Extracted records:
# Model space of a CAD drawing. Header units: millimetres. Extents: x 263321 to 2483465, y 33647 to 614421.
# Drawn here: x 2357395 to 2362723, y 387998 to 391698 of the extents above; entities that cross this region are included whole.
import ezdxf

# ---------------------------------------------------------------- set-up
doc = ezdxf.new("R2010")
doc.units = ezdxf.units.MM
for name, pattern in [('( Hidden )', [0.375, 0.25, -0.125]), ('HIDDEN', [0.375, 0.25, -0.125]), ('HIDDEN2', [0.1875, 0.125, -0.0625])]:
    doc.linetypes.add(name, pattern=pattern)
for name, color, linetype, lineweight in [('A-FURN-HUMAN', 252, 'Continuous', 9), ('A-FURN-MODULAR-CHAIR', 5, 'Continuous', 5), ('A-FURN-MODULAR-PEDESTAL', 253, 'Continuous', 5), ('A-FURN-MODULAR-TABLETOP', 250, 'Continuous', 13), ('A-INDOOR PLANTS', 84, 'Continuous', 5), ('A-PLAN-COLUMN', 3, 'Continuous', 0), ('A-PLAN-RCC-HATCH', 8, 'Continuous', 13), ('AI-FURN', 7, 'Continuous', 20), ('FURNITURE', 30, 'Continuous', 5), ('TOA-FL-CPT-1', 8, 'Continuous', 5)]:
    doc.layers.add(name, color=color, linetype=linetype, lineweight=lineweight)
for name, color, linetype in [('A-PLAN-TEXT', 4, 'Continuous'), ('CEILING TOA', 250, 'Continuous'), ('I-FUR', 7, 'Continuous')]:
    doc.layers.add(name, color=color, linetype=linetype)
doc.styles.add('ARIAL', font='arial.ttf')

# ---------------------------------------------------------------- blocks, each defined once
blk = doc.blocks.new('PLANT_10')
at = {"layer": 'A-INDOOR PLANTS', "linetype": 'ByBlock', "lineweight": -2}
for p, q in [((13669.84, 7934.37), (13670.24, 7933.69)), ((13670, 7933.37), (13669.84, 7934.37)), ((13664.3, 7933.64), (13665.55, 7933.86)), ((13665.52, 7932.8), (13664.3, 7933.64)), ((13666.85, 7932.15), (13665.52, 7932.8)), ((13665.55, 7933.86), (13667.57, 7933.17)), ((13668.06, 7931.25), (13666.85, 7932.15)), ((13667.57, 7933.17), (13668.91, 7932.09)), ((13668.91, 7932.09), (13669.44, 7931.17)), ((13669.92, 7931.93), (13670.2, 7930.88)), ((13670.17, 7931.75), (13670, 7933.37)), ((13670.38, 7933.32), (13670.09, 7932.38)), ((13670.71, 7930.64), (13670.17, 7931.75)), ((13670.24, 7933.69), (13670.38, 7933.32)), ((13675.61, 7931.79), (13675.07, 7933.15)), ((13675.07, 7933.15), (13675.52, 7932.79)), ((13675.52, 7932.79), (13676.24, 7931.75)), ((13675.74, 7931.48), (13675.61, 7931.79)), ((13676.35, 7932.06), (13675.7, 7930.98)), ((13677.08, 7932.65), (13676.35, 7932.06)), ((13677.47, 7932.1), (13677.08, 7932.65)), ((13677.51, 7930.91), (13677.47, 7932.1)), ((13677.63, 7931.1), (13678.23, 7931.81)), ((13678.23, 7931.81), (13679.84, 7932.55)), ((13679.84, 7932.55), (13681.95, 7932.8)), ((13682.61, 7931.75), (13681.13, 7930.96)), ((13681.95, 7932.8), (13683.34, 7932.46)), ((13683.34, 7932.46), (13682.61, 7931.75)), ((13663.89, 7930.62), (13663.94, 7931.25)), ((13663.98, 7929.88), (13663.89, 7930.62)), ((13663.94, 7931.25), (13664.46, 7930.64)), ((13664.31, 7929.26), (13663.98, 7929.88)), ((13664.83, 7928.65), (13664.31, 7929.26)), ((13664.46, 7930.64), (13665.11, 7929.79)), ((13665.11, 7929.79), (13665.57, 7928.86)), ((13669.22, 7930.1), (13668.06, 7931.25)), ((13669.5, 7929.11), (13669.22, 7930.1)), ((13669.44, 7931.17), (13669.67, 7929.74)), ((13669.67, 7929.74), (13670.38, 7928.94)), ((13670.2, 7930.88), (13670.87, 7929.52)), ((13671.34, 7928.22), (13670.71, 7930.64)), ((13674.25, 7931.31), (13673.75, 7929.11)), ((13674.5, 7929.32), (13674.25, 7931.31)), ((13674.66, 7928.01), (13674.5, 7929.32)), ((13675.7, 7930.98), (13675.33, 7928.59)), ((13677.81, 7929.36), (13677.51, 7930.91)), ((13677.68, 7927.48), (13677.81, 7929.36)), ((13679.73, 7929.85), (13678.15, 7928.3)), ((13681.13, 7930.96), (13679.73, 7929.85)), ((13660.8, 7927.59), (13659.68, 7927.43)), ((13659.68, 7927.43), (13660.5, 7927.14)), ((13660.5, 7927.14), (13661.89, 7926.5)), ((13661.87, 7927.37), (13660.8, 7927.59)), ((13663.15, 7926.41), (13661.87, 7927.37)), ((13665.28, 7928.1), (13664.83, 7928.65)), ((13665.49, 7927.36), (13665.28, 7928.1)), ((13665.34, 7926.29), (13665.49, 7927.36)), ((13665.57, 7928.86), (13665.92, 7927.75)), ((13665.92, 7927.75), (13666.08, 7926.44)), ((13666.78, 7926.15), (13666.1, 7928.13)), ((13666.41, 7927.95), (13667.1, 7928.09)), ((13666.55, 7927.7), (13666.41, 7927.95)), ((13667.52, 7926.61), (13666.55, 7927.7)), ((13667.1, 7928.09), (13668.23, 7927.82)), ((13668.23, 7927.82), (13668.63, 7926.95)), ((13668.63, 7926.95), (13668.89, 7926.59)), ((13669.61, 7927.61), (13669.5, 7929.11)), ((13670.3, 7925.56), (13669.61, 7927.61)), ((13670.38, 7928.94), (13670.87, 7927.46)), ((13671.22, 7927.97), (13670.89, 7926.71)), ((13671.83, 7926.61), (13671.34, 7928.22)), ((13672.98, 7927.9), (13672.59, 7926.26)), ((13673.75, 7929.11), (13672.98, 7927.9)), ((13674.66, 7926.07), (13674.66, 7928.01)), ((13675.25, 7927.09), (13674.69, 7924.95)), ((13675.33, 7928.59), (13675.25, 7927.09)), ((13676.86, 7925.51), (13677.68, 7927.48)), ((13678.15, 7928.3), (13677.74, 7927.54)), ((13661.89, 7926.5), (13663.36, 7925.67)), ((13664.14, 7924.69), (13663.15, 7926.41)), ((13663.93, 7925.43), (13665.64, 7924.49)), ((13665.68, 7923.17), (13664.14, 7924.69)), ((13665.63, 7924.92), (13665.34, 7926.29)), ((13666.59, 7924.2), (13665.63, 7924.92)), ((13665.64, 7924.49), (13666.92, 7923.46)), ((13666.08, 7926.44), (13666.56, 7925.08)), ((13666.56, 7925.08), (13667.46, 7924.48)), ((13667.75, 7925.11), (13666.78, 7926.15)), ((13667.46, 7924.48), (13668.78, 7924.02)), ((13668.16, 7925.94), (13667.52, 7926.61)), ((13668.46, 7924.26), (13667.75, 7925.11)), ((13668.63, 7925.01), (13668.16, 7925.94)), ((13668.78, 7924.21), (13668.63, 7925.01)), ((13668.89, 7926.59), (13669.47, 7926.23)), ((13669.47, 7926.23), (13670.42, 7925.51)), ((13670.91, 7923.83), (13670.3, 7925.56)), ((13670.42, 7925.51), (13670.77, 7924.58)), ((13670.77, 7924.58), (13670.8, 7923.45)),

**To do:** Pick out each line above that includes "pattern" and show it.

**Written answer:**
for name, pattern in [('( Hidden )', [0.375, 0.25, -0.125]), ('HIDDEN', [0.375, 0.25, -0.125]), ('HIDDEN2', [0.1875, 0.125, -0.0625])]:
    doc.linetypes.add(name, pattern=pattern)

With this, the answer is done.